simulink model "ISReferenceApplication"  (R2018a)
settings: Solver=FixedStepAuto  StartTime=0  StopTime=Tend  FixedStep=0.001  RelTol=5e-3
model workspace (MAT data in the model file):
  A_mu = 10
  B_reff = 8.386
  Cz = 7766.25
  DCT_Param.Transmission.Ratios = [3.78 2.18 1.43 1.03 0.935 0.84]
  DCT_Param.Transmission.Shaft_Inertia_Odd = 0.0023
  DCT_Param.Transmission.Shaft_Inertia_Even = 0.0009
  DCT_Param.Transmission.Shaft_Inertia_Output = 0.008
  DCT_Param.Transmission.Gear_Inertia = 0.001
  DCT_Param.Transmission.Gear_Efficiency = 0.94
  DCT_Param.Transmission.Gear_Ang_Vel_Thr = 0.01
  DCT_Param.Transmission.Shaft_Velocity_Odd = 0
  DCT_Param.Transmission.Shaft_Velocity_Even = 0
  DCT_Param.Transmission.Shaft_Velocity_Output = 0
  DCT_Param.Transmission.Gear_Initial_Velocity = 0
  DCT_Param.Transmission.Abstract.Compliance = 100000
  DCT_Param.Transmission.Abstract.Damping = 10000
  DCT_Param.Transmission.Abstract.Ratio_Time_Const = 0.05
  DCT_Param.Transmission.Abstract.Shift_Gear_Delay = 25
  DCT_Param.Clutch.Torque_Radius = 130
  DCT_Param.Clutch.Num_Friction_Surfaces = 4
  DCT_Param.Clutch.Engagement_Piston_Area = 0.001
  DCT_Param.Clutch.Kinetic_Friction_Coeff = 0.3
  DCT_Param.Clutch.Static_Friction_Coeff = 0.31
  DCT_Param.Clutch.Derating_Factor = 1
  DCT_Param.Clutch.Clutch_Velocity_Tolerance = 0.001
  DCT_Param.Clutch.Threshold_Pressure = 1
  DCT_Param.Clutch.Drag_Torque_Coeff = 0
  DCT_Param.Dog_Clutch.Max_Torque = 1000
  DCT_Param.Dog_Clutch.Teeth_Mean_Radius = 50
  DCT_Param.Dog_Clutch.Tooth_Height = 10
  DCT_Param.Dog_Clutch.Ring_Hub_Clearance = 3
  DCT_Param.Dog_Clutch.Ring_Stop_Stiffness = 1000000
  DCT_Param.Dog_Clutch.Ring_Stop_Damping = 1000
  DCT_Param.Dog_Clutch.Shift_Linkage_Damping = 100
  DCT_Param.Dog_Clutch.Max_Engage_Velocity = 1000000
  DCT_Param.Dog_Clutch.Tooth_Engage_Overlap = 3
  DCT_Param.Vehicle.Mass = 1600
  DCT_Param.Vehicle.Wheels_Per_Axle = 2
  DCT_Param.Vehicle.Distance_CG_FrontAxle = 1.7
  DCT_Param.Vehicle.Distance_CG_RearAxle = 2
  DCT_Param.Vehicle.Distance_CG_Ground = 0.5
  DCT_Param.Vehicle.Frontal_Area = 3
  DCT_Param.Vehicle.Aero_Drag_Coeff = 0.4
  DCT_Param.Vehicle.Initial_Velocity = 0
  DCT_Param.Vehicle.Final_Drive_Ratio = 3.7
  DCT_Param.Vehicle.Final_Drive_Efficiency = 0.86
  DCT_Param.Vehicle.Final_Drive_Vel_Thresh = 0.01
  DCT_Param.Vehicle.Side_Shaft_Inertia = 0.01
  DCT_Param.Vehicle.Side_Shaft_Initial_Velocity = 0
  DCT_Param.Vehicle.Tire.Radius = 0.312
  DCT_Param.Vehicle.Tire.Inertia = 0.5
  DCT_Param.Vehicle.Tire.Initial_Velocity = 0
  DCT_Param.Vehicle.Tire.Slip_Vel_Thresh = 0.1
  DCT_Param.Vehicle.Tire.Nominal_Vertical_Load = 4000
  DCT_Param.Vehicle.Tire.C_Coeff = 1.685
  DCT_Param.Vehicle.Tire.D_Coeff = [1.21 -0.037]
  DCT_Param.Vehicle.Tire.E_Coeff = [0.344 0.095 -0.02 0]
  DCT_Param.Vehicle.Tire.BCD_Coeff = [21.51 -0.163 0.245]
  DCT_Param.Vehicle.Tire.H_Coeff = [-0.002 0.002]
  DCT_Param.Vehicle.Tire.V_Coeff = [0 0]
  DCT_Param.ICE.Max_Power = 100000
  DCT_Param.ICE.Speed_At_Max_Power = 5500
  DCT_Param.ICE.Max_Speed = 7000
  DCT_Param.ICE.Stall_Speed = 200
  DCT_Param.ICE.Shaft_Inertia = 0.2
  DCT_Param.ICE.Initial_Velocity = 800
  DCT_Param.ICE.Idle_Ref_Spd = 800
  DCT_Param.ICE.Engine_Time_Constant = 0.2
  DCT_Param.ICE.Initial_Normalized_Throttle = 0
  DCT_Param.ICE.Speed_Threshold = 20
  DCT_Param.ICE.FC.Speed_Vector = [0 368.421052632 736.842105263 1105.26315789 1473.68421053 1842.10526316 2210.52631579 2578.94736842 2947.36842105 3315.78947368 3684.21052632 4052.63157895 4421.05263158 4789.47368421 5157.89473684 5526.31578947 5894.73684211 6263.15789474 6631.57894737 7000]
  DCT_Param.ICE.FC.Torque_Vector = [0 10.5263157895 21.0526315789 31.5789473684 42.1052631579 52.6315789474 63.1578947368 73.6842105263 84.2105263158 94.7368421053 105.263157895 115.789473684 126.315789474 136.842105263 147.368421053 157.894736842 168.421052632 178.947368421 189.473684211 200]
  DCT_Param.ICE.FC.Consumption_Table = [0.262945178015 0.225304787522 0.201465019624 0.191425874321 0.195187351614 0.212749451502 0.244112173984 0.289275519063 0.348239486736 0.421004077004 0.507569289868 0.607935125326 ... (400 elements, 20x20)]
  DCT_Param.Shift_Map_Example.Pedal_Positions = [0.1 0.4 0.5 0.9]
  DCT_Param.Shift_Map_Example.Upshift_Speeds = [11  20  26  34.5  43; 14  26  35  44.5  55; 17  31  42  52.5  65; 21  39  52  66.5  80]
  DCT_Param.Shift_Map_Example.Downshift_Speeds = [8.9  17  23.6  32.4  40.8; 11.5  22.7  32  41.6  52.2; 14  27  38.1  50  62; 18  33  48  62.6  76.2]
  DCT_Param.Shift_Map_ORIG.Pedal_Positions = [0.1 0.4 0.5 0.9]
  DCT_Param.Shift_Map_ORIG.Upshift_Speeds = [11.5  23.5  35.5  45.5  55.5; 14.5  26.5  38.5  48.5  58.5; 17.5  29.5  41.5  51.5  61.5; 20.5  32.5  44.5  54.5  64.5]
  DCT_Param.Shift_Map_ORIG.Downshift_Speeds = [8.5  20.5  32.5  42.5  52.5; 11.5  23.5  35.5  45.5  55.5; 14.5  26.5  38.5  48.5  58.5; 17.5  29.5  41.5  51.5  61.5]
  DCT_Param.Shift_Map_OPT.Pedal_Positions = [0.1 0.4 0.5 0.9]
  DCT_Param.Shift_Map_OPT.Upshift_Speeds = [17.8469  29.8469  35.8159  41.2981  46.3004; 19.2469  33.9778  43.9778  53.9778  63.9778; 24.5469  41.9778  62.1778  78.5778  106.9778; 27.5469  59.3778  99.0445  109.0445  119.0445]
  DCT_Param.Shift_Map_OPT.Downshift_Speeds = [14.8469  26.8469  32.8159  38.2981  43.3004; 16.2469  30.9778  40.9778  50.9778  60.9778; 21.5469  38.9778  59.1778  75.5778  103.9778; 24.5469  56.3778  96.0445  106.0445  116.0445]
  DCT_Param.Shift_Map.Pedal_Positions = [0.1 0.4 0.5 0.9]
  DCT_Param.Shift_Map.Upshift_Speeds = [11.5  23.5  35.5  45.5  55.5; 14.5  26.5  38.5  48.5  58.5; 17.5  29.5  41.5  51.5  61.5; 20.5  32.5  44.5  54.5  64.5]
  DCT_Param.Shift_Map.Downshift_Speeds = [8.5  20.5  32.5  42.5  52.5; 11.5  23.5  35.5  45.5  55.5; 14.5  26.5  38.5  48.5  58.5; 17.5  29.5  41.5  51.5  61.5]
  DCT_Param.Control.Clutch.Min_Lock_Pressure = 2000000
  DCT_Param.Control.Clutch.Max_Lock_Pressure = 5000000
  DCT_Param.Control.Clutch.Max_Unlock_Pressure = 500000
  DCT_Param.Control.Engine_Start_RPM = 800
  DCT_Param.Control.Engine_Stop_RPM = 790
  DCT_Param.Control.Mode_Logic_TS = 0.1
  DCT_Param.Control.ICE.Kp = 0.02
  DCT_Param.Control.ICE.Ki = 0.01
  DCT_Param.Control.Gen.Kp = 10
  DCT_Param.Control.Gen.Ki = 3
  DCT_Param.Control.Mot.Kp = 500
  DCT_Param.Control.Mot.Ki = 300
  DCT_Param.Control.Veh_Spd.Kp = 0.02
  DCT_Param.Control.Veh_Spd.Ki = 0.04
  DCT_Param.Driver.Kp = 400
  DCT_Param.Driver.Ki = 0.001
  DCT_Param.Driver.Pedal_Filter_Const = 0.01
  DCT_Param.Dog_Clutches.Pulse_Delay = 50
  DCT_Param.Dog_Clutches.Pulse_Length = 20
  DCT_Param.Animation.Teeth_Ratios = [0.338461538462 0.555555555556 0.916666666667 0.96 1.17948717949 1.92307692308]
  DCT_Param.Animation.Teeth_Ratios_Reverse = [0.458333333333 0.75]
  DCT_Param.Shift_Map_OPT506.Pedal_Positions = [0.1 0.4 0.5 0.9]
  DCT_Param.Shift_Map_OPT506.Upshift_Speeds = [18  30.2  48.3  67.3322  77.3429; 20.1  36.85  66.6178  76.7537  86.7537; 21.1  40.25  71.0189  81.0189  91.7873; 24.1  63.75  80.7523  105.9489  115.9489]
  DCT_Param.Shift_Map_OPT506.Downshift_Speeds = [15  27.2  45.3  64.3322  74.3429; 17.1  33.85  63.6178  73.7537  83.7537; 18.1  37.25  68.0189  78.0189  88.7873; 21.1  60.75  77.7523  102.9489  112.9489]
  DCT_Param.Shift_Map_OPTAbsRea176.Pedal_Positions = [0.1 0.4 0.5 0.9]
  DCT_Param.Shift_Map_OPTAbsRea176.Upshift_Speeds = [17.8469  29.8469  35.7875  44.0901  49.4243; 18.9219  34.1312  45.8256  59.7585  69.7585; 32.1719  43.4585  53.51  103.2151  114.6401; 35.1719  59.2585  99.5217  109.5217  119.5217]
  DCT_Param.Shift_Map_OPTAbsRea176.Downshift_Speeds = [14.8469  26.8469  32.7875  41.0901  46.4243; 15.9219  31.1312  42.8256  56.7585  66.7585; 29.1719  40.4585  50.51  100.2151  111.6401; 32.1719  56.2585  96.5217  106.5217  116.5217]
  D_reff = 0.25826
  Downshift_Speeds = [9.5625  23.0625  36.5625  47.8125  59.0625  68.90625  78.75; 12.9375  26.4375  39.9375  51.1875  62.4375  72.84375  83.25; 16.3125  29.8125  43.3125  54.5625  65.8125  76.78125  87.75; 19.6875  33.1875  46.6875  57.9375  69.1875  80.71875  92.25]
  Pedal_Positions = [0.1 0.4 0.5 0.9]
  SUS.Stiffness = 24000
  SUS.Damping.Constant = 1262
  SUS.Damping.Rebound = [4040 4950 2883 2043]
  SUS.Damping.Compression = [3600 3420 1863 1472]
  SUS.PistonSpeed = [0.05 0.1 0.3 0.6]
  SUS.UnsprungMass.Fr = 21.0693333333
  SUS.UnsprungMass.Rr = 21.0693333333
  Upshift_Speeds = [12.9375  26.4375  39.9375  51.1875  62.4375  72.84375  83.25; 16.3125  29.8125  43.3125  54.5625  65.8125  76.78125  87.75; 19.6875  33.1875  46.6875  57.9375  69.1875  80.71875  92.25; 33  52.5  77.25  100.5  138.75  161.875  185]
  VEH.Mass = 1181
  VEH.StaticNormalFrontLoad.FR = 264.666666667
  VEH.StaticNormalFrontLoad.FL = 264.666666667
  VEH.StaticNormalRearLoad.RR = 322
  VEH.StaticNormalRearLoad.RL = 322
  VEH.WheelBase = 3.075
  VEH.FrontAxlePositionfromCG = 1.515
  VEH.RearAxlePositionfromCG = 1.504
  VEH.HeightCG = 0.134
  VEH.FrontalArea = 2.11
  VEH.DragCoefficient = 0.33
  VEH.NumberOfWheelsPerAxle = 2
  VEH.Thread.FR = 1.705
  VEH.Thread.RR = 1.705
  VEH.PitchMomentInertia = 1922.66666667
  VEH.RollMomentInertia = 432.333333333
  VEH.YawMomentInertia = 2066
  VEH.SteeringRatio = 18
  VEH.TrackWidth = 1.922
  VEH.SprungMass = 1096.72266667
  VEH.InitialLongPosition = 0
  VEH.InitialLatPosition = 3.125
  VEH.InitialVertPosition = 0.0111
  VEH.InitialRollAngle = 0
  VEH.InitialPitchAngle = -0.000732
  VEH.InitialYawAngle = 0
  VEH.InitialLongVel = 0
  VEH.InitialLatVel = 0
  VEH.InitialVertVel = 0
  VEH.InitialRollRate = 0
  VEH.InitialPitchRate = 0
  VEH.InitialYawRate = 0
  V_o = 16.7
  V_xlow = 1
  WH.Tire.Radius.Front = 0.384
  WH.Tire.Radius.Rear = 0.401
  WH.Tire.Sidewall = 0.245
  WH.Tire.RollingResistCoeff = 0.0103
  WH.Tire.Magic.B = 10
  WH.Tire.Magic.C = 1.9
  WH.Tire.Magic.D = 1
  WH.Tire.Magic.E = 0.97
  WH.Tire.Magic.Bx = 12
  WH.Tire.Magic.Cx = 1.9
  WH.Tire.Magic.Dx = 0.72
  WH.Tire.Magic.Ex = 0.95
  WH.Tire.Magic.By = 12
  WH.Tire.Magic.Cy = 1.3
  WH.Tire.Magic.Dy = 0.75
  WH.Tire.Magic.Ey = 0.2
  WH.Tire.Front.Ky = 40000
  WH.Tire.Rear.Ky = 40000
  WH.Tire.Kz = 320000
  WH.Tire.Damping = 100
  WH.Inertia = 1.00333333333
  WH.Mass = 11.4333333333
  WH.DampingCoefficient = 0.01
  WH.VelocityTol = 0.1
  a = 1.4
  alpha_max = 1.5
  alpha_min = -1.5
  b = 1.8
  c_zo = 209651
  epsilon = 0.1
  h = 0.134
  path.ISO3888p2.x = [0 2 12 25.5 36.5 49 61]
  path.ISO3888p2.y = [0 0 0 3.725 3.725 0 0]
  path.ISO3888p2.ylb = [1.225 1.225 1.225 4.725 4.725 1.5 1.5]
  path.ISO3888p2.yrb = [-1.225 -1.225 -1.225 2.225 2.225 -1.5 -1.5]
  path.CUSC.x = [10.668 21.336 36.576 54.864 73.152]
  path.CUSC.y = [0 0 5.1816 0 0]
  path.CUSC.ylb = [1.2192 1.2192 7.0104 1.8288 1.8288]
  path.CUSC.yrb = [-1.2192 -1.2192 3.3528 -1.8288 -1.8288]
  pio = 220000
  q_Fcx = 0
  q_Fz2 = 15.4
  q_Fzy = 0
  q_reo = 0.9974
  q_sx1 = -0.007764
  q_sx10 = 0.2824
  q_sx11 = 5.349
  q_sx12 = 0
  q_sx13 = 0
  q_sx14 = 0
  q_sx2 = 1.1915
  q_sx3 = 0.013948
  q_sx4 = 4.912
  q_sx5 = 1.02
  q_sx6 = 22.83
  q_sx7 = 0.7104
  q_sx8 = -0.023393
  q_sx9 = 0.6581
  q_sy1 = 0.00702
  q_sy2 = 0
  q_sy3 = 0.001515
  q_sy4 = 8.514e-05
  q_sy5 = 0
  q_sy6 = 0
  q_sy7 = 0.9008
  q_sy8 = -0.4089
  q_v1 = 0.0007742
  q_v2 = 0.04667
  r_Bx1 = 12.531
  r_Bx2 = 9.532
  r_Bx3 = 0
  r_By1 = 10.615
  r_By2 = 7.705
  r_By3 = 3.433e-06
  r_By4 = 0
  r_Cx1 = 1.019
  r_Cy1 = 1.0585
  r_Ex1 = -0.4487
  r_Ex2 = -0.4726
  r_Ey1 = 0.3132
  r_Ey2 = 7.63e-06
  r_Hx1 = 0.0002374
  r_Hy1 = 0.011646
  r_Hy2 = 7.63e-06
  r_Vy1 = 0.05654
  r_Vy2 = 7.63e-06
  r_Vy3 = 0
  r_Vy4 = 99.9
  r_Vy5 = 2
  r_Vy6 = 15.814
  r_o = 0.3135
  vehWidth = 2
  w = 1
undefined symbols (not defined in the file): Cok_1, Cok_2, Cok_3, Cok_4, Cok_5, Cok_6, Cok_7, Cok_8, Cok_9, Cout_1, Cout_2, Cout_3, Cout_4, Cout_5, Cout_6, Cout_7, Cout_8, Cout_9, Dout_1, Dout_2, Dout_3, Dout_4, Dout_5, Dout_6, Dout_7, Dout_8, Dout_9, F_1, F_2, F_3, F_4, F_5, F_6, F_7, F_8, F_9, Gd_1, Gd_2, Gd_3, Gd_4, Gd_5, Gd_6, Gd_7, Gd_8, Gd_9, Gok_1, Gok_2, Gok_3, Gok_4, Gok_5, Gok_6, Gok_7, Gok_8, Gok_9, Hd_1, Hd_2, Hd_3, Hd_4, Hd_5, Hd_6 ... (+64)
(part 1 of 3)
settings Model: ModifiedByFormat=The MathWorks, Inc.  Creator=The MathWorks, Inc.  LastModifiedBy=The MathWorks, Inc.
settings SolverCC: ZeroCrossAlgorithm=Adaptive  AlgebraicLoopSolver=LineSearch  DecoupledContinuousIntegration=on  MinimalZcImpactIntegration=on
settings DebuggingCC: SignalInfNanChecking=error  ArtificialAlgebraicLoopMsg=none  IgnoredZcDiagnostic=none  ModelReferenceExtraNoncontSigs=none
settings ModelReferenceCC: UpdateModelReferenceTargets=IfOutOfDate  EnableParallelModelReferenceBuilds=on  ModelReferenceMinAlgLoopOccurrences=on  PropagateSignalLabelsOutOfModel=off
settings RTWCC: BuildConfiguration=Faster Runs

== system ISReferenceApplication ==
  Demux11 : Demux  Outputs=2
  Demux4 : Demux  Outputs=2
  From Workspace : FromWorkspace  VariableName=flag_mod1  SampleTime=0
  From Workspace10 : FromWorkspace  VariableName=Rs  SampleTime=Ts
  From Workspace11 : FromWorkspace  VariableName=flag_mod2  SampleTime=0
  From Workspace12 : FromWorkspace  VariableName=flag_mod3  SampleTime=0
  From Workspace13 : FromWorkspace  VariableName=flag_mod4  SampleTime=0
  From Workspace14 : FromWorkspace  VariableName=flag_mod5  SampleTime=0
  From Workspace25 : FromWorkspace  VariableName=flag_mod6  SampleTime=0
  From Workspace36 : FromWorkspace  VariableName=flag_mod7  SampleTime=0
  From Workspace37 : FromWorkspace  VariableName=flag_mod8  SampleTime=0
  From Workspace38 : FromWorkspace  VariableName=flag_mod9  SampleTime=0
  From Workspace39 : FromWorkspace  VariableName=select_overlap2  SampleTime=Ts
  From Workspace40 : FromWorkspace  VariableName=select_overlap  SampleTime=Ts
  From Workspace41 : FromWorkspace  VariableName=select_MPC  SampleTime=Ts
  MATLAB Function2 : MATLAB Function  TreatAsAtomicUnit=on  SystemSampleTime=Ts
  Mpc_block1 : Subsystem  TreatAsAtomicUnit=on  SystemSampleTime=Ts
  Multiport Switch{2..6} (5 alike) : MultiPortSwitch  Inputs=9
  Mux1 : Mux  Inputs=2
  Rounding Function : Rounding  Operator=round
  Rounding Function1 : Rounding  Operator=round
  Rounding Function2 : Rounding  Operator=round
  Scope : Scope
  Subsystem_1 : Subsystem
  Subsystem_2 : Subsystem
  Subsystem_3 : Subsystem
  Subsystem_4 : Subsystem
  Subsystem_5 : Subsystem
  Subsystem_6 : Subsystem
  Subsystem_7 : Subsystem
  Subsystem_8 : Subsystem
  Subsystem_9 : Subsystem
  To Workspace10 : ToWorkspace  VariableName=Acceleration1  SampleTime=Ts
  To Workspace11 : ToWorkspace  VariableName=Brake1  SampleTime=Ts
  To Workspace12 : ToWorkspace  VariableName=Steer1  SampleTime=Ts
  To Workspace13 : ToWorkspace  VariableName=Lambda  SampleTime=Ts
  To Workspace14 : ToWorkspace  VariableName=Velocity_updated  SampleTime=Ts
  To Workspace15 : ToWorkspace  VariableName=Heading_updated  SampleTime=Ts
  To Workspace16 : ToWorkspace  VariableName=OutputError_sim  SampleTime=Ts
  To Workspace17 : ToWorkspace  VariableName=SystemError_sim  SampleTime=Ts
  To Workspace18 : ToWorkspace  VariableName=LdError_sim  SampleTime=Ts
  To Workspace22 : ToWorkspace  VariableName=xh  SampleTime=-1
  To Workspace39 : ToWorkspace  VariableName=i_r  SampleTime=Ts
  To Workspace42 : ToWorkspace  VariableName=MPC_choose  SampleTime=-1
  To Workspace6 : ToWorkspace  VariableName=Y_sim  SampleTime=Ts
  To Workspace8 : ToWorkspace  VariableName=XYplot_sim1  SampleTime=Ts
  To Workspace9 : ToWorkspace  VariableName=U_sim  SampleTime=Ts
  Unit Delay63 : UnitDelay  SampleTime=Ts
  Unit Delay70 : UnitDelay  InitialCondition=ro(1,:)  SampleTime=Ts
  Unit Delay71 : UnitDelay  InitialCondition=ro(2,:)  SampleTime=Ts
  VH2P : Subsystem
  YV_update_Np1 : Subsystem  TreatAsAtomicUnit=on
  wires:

—————

## What is required
Beginning with the very first line of the records above, please retype each line through the one that has "DCT_Param.Transmission.Shaft_Inertia_Odd = 0.0023", and add nothing.

## Response below
simulink model "ISReferenceApplication"  (R2018a)
settings: Solver=FixedStepAuto  StartTime=0  StopTime=Tend  FixedStep=0.001  RelTol=5e-3
model workspace (MAT data in the model file):
  A_mu = 10
  B_reff = 8.386
  Cz = 7766.25
  DCT_Param.Transmission.Ratios = [3.78 2.18 1.43 1.03 0.935 0.84]
  DCT_Param.Transmission.Shaft_Inertia_Odd = 0.0023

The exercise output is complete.